Мы уже отмечали разный характер двух «жертвоприношений» – Маргариты и барона Майгеля. Маргарита «спускается в ад», надеясь вернуть мастера; Майгель напрашивается на бал к Воланду тоже по собственному желанию, но с целью разузнать все о «маге» (надо полагать, это не только частное желание барона, но и задание, поскольку он беспрепятственно проходит мимо дежурных у квартиры № 50). Короче, жизнь Майгеля подвела его к дверям квартиры покойного Берлиоза, но ничьей жертвой он стать не собирался.
Присутствие Маргариты на балу – пародия не только на добровольную жертву Христа, о чем говорилось выше, но и на сошествие Христа во ад, откуда он вывел праотцев. Так как бал дается в пятницу, временнáя параллель налицо: вот почему Воланд приглашает только мертвецов – они пародируют поднятие Христом из шеола всех, кто ждал Его сошествия во ад. С другой стороны, как мы отметили, бал – пародия на воскресение в день Страшного суда, тема, логически продлевающая cошествие во ад.
Маргарита стоит на возвышении: в «черной мессе» Воланда она уподобляется Святым Дарам, а значит, олицетворяет для прикасающихся к ней Жизнедателя. Как ни кощунственно это звучит, мы уже упоминали традицию черной мессы возводить на алтарь обнаженную женщину, и на балу этот обряд исполнен, как если бы он совершался в сатанинской церкви.
Но самому Воланду нужно совершенно иное. Кульминационный момент бала находит отражение в «произведении» мастера, а не в Новом Завете. Барон Майгель – репродукция Иуды из Кириафа, Иуды «угаданного», а не евангельского, потому что Иуда, предав Христа, повесился и не пролил на землю своей крови. Иуда же из романа мастера был убит в Гефсимани, и кровь его пролилась там, где Христос молился о Чаше.
Иуда из Кириафа подобен Майгелю «любознательностью» и подлостью натуры. Убийство Иуды из Кириафа похоже на убийство Майгеля.
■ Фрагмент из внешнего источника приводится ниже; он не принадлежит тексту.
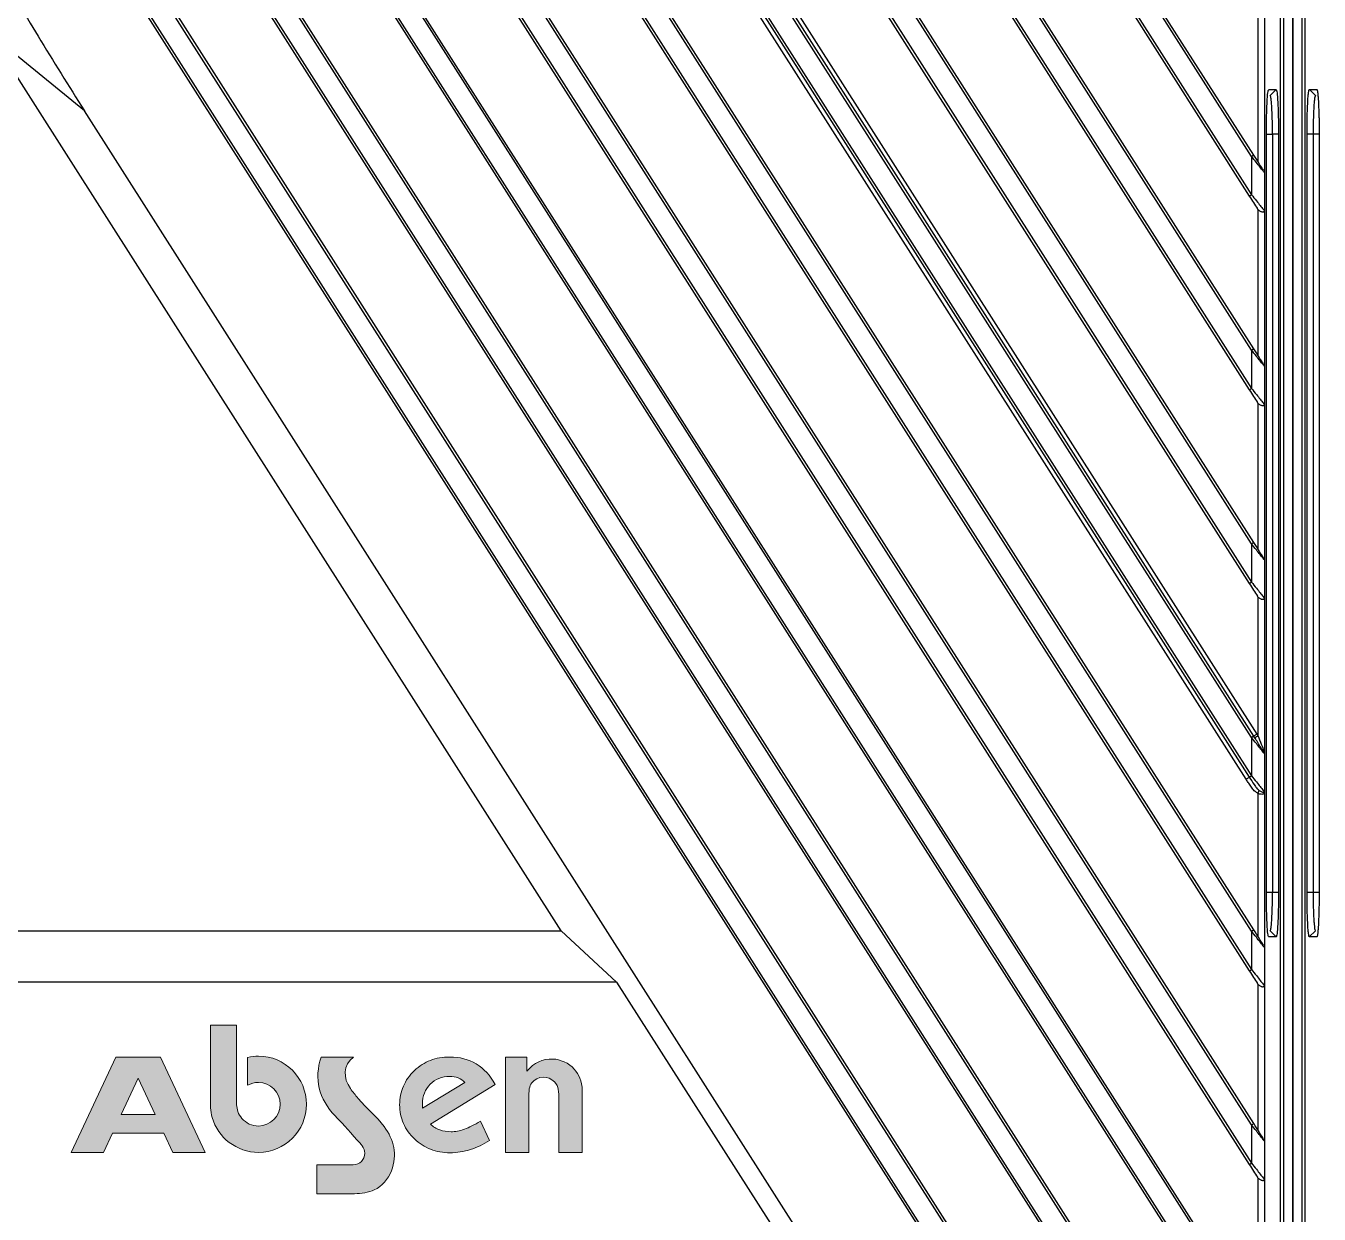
# Model space of a CAD drawing. Header units: millimetres. Extents: x 620 to 19791, y 2539 to 6969.
# Drawn here: x 5925.3 to 6025.9, y 3648.9 to 3741.4 of the extents above; entities that cross this region are included whole.
import ezdxf

# ---------------------------------------------------------------- set-up
doc = ezdxf.new("R2010")
doc.units = ezdxf.units.MM
doc.layers.add('图层 1', color=7, linetype='Continuous', lineweight=18)

# ---------------------------------------------------------------- blocks, each defined once
blk = doc.blocks.new('tugj')
at = {"true_color": 0xf58220}
h = blk.add_hatch(color=30, dxfattribs=at)
edge = h.paths.add_edge_path()
edge.add_spline(control_points=[(12523.44, 4987.8), (12523.51, 4987.6), (12523.62, 4987.41), (12523.76, 4987.25), (12524.08, 4986.89), (12524.53, 4986.67), (12525.04, 4986.67), (12525.97, 4986.67), (12526.74, 4987.43), (12526.74, 4988.36), (12526.74, 4989.3), (12525.97, 4990.06), (12525.04, 4990.06), (12524.74, 4990.06), (12524.45, 4989.98), (12524.2, 4989.84), (12524.2, 4989.84), (12524.2, 4992.01), (12524.2, 4992.01), (12524.48, 4992.07), (12524.76, 4992.11), (12525.04, 4992.11), (12527.1, 4992.11), (12528.78, 4990.42), (12528.78, 4988.36), (12528.78, 4986.3), (12527.1, 4984.62), (12525.04, 4984.62), (12523.33, 4984.62), (12521.89, 4985.77), (12521.44, 4987.33), (12521.29, 4987.85), (12521.3, 4988.33), (12521.3, 4988.86), (12521.3, 4988.86), (12521.3, 4989.47), (12521.3, 4989.47), (12521.3, 4989.47), (12521.3, 4994.53), (12521.3, 4994.53), (12521.3, 4994.53), (12523.34, 4994.53), (12523.34, 4994.53), (12523.34, 4992.63), (12523.34, 4990.72), (12523.34, 4988.82), (12523.34, 4988.47), (12523.32, 4988.14), (12523.44, 4987.8)], knot_values=[0, 0, 0, 0, 1, 1, 1, 2, 2, 2, 3, 3, 3, 4, 4, 4, 5, 5, 5, 6, 6, 6, 7, 7, 7, 8, 8, 8, 9, 9, 9, 10, 10, 10, 11, 11, 11, 12, 12, 12, 13, 13, 13, 14, 14, 14, 15, 15, 15, 16, 16, 16, 16], degree=3, periodic=0)
h = blk.add_hatch(color=256)
h.paths.add_polyline_path([(12514.35, 4987.56), (12517, 4987.56), (12515.68, 4990.4)], flags=16)
h.paths.add_polyline_path([(12517.67, 4986.12), (12513.69, 4986.12), (12512.98, 4984.62), (12510.46, 4984.62), (12513.93, 4992.04), (12516.2, 4992.04), (12517.43, 4992.04), (12520.89, 4984.62), (12518.37, 4984.62)])
h = blk.add_hatch(color=256)
edge = h.paths.add_edge_path()
edge.add_spline(control_points=[(12529.92, 4992.04), (12529.92, 4992.04), (12532.45, 4992.04), (12532.45, 4992.04), (12531.58, 4991.42), (12531.64, 4990.4), (12532.2, 4989.58), (12532.37, 4989.33), (12532.58, 4989.08), (12532.79, 4988.82), (12533.49, 4987.99), (12534.24, 4987.43), (12534.83, 4986.63), (12535.58, 4985.6), (12535.88, 4984.46), (12535.39, 4983.19), (12535.13, 4982.53), (12534.67, 4981.98), (12534.06, 4981.7), (12533.59, 4981.48), (12533.06, 4981.4), (12532.51, 4981.4), (12532.51, 4981.4), (12529.59, 4981.4), (12529.59, 4981.4), (12529.59, 4981.4), (12529.59, 4983.65), (12529.59, 4983.65), (12529.59, 4983.65), (12532.41, 4983.65), (12532.41, 4983.65), (12532.41, 4983.65), (12532.42, 4983.65), (12532.42, 4983.65), (12532.42, 4983.65), (12532.42, 4983.65), (12532.42, 4983.65), (12532.42, 4983.65), (12532.42, 4983.65), (12532.42, 4983.65), (12532.42, 4983.65), (12532.42, 4983.65), (12532.42, 4983.65), (12532.92, 4983.66), (12533.32, 4984.06), (12533.32, 4984.55), (12533.32, 4984.98), (12532.98, 4985.28), (12532.72, 4985.58), (12532.07, 4986.32), (12531.38, 4987.07), (12531.02, 4987.45), (12529.72, 4988.8), (12529.36, 4990.34), (12529.92, 4992.04)], knot_values=[0, 0, 0, 0, 1, 1, 1, 2, 2, 2, 3, 3, 3, 4, 4, 4, 5, 5, 5, 6, 6, 6, 7, 7, 7, 8, 8, 8, 9, 9, 9, 10, 10, 10, 11, 11, 11, 12, 12, 12, 13, 13, 13, 14, 14, 14, 15, 15, 15, 16, 16, 16, 17, 17, 17, 18, 18, 18, 18], degree=3, periodic=0)
h = blk.add_hatch(color=256)
edge = h.paths.add_edge_path()
edge.add_spline(control_points=[(12543.03, 4985.55), (12542.54, 4985.23), (12542.04, 4984.99), (12541.53, 4984.83), (12541.02, 4984.67), (12540.49, 4984.59), (12539.94, 4984.59), (12539.41, 4984.59), (12538.91, 4984.68), (12538.44, 4984.86), (12537.97, 4985.04), (12537.56, 4985.31), (12537.18, 4985.66), (12536.81, 4986.01), (12536.53, 4986.42), (12536.33, 4986.87), (12536.13, 4987.33), (12536.03, 4987.81), (12536.03, 4988.32), (12536.03, 4988.84), (12536.13, 4989.32), (12536.32, 4989.77), (12536.51, 4990.21), (12536.8, 4990.62), (12537.18, 4990.98), (12537.56, 4991.34), (12537.97, 4991.6), (12538.42, 4991.78), (12538.88, 4991.95), (12539.38, 4992.04), (12539.94, 4992.04), (12540.7, 4992.04), (12541.38, 4991.86), (12541.99, 4991.5), (12542.59, 4991.13), (12543.08, 4990.6), (12543.47, 4989.9), (12543.47, 4989.9), (12538.42, 4986.82), (12538.42, 4986.82), (12538.64, 4986.62), (12538.88, 4986.47), (12539.15, 4986.37), (12539.42, 4986.27), (12539.71, 4986.22), (12540.03, 4986.22), (12540.36, 4986.22), (12540.7, 4986.28), (12541.07, 4986.42), (12541.44, 4986.55), (12541.85, 4986.76), (12542.31, 4987.05), (12542.31, 4987.05), (12543.03, 4985.55), (12543.03, 4985.55)], knot_values=[0, 0, 0, 0, 1, 1, 1, 2, 2, 2, 3, 3, 3, 4, 4, 4, 5, 5, 5, 6, 6, 6, 7, 7, 7, 8, 8, 8, 9, 9, 9, 10, 10, 10, 11, 11, 11, 12, 12, 12, 13, 13, 13, 14, 14, 14, 15, 15, 15, 16, 16, 16, 17, 17, 17, 18, 18, 18, 18], degree=3, periodic=0)
edge = h.paths.add_edge_path(flags=16)
edge.add_spline(control_points=[(12537.82, 4988.07), (12537.82, 4988.07), (12541.11, 4990.05), (12541.11, 4990.05), (12540.97, 4990.21), (12540.8, 4990.33), (12540.59, 4990.41), (12540.39, 4990.49), (12540.16, 4990.53), (12539.92, 4990.53), (12539.31, 4990.53), (12538.81, 4990.33), (12538.41, 4989.92), (12538.01, 4989.52), (12537.81, 4989), (12537.81, 4988.39), (12537.81, 4988.3), (12537.81, 4988.23), (12537.82, 4988.19), (12537.82, 4988.15), (12537.82, 4988.11), (12537.82, 4988.07)], knot_values=[0, 0, 0, 0, 1, 1, 1, 2, 2, 2, 3, 3, 3, 4, 4, 4, 5, 5, 5, 6, 6, 6, 7, 7, 7, 7], degree=3, periodic=0)
h = blk.add_hatch(color=256)
edge = h.paths.add_edge_path()
edge.add_spline(control_points=[(12544.28, 4984.62), (12544.28, 4984.62), (12544.28, 4992.04), (12544.28, 4992.04), (12544.28, 4992.04), (12545.94, 4992.04), (12545.94, 4992.04), (12545.94, 4992.04), (12545.94, 4990.94), (12545.94, 4990.94), (12546.52, 4991.63), (12547.11, 4991.9), (12547.99, 4991.88), (12548.47, 4991.88), (12549.23, 4991.56), (12549.61, 4991.1), (12549.97, 4990.64), (12550.24, 4990.25), (12550.24, 4989.4), (12550.24, 4989.4), (12550.24, 4984.62), (12550.24, 4984.62), (12550.24, 4984.62), (12548.42, 4984.62), (12548.42, 4984.62), (12548.42, 4984.62), (12548.42, 4988.77), (12548.42, 4988.77), (12548.42, 4989.02), (12548.42, 4989.28), (12548.38, 4989.53), (12548.35, 4989.72), (12548.24, 4989.93), (12548.08, 4990.11), (12547.61, 4990.6), (12546.76, 4990.59), (12546.33, 4990.04), (12546.1, 4989.75), (12546.08, 4989.46), (12546.08, 4988.73), (12546.08, 4988.73), (12546.08, 4984.62), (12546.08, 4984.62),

Как отмечает Б. Гаспаров, тождественны «сцены убийства, праздничный костюм убитого, поза, в которой лежит убитый (труп Майгеля обнаружен „с задранным кверху подбородком“ – Иуда лежит лицом вверх и с раскинутыми руками). Интересно и то, что Майгель назван бароном; с этим сопоставляется имя Иуды из Кириафа („von Kiriath“). Наконец, перед убийством Воланд заявляет Майгелю о том, что ходят слухи, что якобы его как наушника и шпиона ждет печальный конец „не далее чем через месяц“; сходным образом Пилат побуждает к убийству Иуды словами, что „ему стало известно“, что Иуда будет убит. Но самая выразительная деталь – это когда Маргарите подносят кубок, наполненный кровью Майгеля, которую выдают за вино: „кровь давно ушла в землю, и там, где она пролилась, уже растут виноградные гроздья“ – намек на Гефсиманский сад. В этом мотиве проступает полное слияние двух образов и исчезновение времен в мифологическом повествовании».[39]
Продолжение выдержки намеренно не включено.